An Experimental Study On The Breakup Of Power Law Liquid Jets

The breakup and atomization of liquid jets are of theoretical importance and have been widely used. In various types of liquid jet, the non-Newtonian fluid especially power law fluid occupies an important place in daily life and practical applications. Due to the complexity and variety of the non-Newtonian liquid, the theoretical explanation of the jet breakup mechanism and experimental understanding are still not satisfactory. In the present work, an investigation has been conducted on the breakup of power law liquid jets.An experimental system mainly consisting of an injecting system, environment control system and photographing system has been designed and established, with which the research on the breakup and spray characteristics of power law liquid jets can be carried out. By applying shadow-graph technique and high speed imaging technique, spray characteristics such as breakup length and spray angle of both types of cylindrical jet and sheet jet are obtained.
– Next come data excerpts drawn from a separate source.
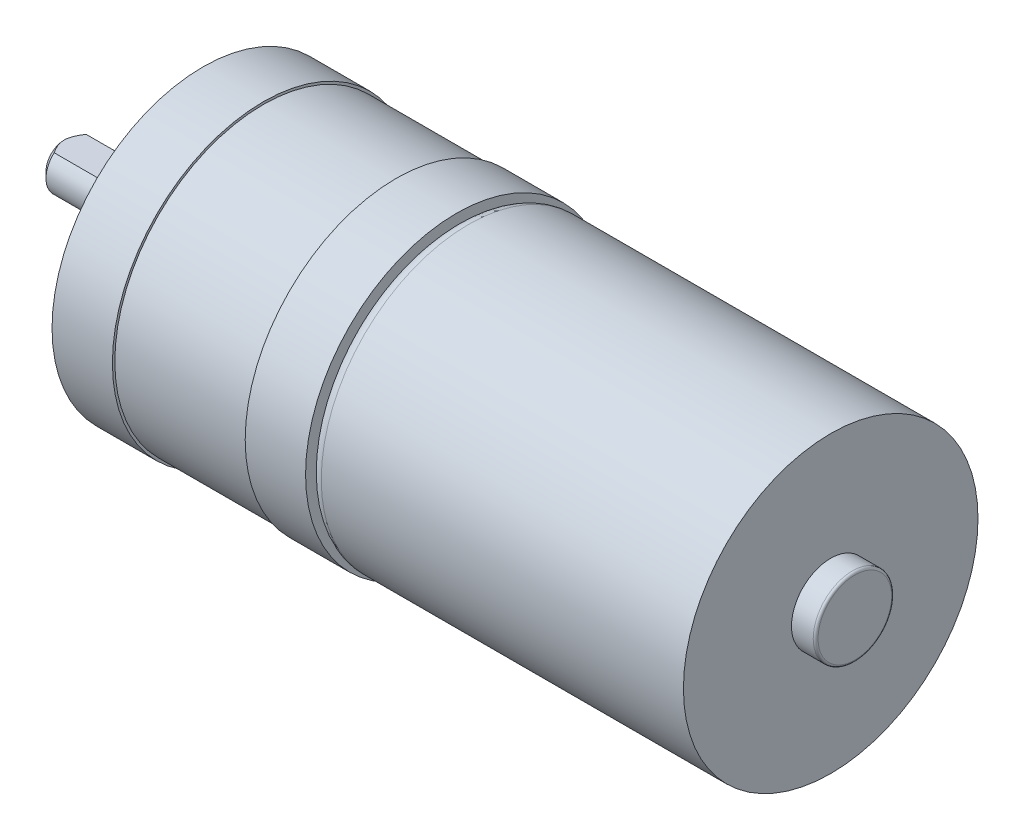
ISO-10303-21;
HEADER;
FILE_DESCRIPTION(('STEP AP214'),'2;1');
FILE_NAME('part.step','',(''),(''),'','','');
FILE_SCHEMA(('AUTOMOTIVE_DESIGN { 1 0 10303 214 1 1 1 1 }'));
ENDSEC;
DATA;
#1=APPLICATION_CONTEXT('core data for automotive mechanical design processes');
#2=APPLICATION_PROTOCOL_DEFINITION('international standard','automotive_design',2000,#1);
#3=PRODUCT_CONTEXT('',#1,'mechanical');
#4=PRODUCT('Part','Part','',(#3));
#5=PRODUCT_RELATED_PRODUCT_CATEGORY('part','',(#4));
#6=PRODUCT_DEFINITION_FORMATION('','',#4);
#7=PRODUCT_DEFINITION_CONTEXT('part definition',#1,'design');
#8=PRODUCT_DEFINITION('design','',#6,#7);
#9=PRODUCT_DEFINITION_SHAPE('','',#8);
#10=(LENGTH_UNIT() NAMED_UNIT(*) SI_UNIT(.MILLI.,.METRE.));
#11=(NAMED_UNIT(*) PLANE_ANGLE_UNIT() SI_UNIT($,.RADIAN.));
#12=(NAMED_UNIT(*) SI_UNIT($,.STERADIAN.) SOLID_ANGLE_UNIT());
#13=UNCERTAINTY_MEASURE_WITH_UNIT(LENGTH_MEASURE(1.E-05),#10,'distance_accuracy_value','');
#14=(GEOMETRIC_REPRESENTATION_CONTEXT(3) GLOBAL_UNCERTAINTY_ASSIGNED_CONTEXT((#13)) GLOBAL_UNIT_ASSIGNED_CONTEXT((#10,
#11,#12)) REPRESENTATION_CONTEXT('',''));
#15=CARTESIAN_POINT('',(0.,0.,0.));
#16=DIRECTION('',(0.,0.,1.));
#17=DIRECTION('',(1.,0.,0.));
#18=AXIS2_PLACEMENT_3D('',#15,#16,#17);
#19=CARTESIAN_POINT('',(-21.4466609261385,0.,0.));
#20=DIRECTION('',(-1.,0.,0.));
#21=DIRECTION('',(0.,0.,1.));
#22=AXIS2_PLACEMENT_3D('',#19,#20,#21);
#23=CYLINDRICAL_SURFACE('',#22,12.5);
#24=CARTESIAN_POINT('',(-4.94666092613853,0.,0.));
#25=DIRECTION('',(-1.,0.,0.));
#26=DIRECTION('',(0.,0.,1.));
#27=AXIS2_PLACEMENT_3D('',#24,#25,#26);
#28=CIRCLE('',#27,12.5);
#29=CARTESIAN_POINT('',(-4.94666092613853,0.,12.5));
#30=VERTEX_POINT('',#29);
#31=EDGE_CURVE('E89',#30,#30,#28,.T.);
#32=ORIENTED_EDGE('',*,*,#31,.T.);
#33=EDGE_LOOP('',(#32));
#34=FACE_BOUND('',#33,.T.);
#35=CARTESIAN_POINT('',(-9.94666092613853,0.,0.));
#36=DIRECTION('',(-1.,0.,0.));
#37=DIRECTION('',(0.,0.,1.));
#38=AXIS2_PLACEMENT_3D('',#35,#36,#37);
#39=CIRCLE('',#38,12.5);
#40=CARTESIAN_POINT('',(-9.94666092613853,0.,12.5));
#41=VERTEX_POINT('',#40);
#42=EDGE_CURVE('E11',#41,#41,#39,.T.);
#43=ORIENTED_EDGE('',*,*,#42,.F.);
#44=EDGE_LOOP('',(#43));
#45=FACE_BOUND('',#44,.T.);
#46=ADVANCED_FACE('F34',(#34,#45),#23,.T.);
#47=CARTESIAN_POINT('',(-9.94666092613853,-3.53165151629512,0.));
#48=DIRECTION('',(-1.,0.,0.));
#49=DIRECTION('',(0.,0.,1.));
#50=AXIS2_PLACEMENT_3D('',#47,#48,#49);
#51=PLANE('',#50);
#52=ORIENTED_EDGE('',*,*,#42,.T.);
#53=EDGE_LOOP('',(#52));
#54=FACE_BOUND('',#53,.T.);
#55=CARTESIAN_POINT('',(-9.94666092613853,0.,0.));
#56=DIRECTION('',(-1.,0.,0.));
#57=DIRECTION('',(0.,0.,1.));
#58=AXIS2_PLACEMENT_3D('',#55,#56,#57);
#59=CIRCLE('',#58,3.53165151629512);
#60=CARTESIAN_POINT('',(-9.94666092613853,0.,3.53165151629512));
#61=VERTEX_POINT('',#60);
#62=EDGE_CURVE('E41',#61,#61,#59,.T.);
#63=ORIENTED_EDGE('',*,*,#62,.F.);
#64=EDGE_LOOP('',(#63));
#65=FACE_BOUND('',#64,.T.);
#66=ADVANCED_FACE('F151',(#54,#65),#51,.T.);
#67=CARTESIAN_POINT('',(-21.4466609261385,0.,0.));
#68=DIRECTION('',(-1.,0.,0.));
#69=DIRECTION('',(0.,0.,1.));
#70=AXIS2_PLACEMENT_3D('',#67,#68,#69);
#71=CYLINDRICAL_SURFACE('',#70,3.53165151629512);
#72=ORIENTED_EDGE('',*,*,#62,.T.);
#73=EDGE_LOOP('',(#72));
#74=FACE_BOUND('',#73,.T.);
#75=CARTESIAN_POINT('',(-12.4466609261385,0.,0.));
#76=DIRECTION('',(-1.,0.,0.));
#77=DIRECTION('',(0.,0.,1.));
#78=AXIS2_PLACEMENT_3D('',#75,#76,#77);
#79=CIRCLE('',#78,3.53165151629512);
#80=CARTESIAN_POINT('',(-12.4466609261385,0.,3.53165151629512));
#81=VERTEX_POINT('',#80);
#82=EDGE_CURVE('E166',#81,#81,#79,.T.);
#83=ORIENTED_EDGE('',*,*,#82,.F.);
#84=EDGE_LOOP('',(#83));
#85=FACE_BOUND('',#84,.T.);
#86=ADVANCED_FACE('F156',(#74,#85),#71,.T.);
#87=CARTESIAN_POINT('',(-12.4466609261385,-2.,0.));
#88=DIRECTION('',(-1.,0.,0.));
#89=DIRECTION('',(0.,0.,1.));
#90=AXIS2_PLACEMENT_3D('',#87,#88,#89);
#91=PLANE('',#90);
#92=ORIENTED_EDGE('',*,*,#82,.T.);
#93=EDGE_LOOP('',(#92));
#94=FACE_BOUND('',#93,.T.);
#95=CARTESIAN_POINT('',(-12.4466609261385,0.,0.));
#96=DIRECTION('',(-1.,0.,0.));
#97=DIRECTION('',(0.,0.,1.));
#98=AXIS2_PLACEMENT_3D('',#95,#96,#97);
#99=CIRCLE('',#98,2.);
#100=CARTESIAN_POINT('',(-12.4466609261385,0.,2.));
#101=VERTEX_POINT('',#100);
#102=EDGE_CURVE('E168',#101,#101,#99,.T.);
#103=ORIENTED_EDGE('',*,*,#102,.F.);
#104=EDGE_LOOP('',(#103));
#105=FACE_BOUND('',#104,.T.);
#106=ADVANCED_FACE('F227',(#94,#105),#91,.T.);
#107=CARTESIAN_POINT('',(-21.4466609261385,0.,0.));
#108=DIRECTION('',(-1.,0.,0.));
#109=DIRECTION('',(0.,0.,1.));
#110=AXIS2_PLACEMENT_3D('',#107,#108,#109);
#111=CYLINDRICAL_SURFACE('',#110,2.);
#112=DIRECTION('',(-1.,0.,0.));
#113=VECTOR('',#112,1.);
#114=CARTESIAN_POINT('',(-13.4466609261385,1.5,1.3228756555323));
#115=LINE('',#114,#113);
#116=CARTESIAN_POINT('',(-13.4466609261385,1.5,1.3228756555323));
#117=VERTEX_POINT('',#116);
#118=CARTESIAN_POINT('',(-20.9466609261385,1.5,1.3228756555323));
#119=VERTEX_POINT('',#118);
#120=EDGE_CURVE('E72',#117,#119,#115,.T.);
#121=ORIENTED_EDGE('',*,*,#120,.T.);
#122=CARTESIAN_POINT('',(-20.9466609261385,0.,0.));
#123=DIRECTION('',(-1.,0.,0.));
#124=DIRECTION('',(0.,0.,1.));
#125=AXIS2_PLACEMENT_3D('',#122,#123,#124);
#126=CIRCLE('',#125,2.);
#127=CARTESIAN_POINT('',(-20.9466609261385,1.5,-1.3228756555323));
#128=VERTEX_POINT('',#127);
#129=EDGE_CURVE('E78',#128,#119,#126,.T.);
#130=ORIENTED_EDGE('',*,*,#129,.F.);
#131=DIRECTION('',(-1.,0.,0.));
#132=VECTOR('',#131,1.);
#133=CARTESIAN_POINT('',(-13.4466609261385,1.5,-1.3228756555323));
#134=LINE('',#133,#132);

The effect of parameters such as flow conditions, environmental conditions, fluid properties and nozzle geometries on the spray characteristics has been investigated.The experimental results show that, increasing the jet velocity will reduce the inhibitory effect of liquid viscous force and surface tension, which will lead to a decrease of the jet breakup length and an increase in spray angle, and which promotes the breakup. Both of increasing the backpressure or using SF6 as environment gas will lead to an increase in the gas-liquid density ratio, which will promote the breakup. The temperature of environment has an effect on the liquid evaporation and properties such as power law index and viscosity, the higher the temperature is, the easier the atomization will be observed. Also the nozzle geometries such as diameter, length-diameter ratio and the initial thickness of sheet have effect on the spray characteristics; however it seems that the results are affected by machining accuracy. The results also show the differences between two types of power law fluids, and the consistency index has an inhibiting effect on the breakup of the jet. The experimental results accord well with the theoretical predictions.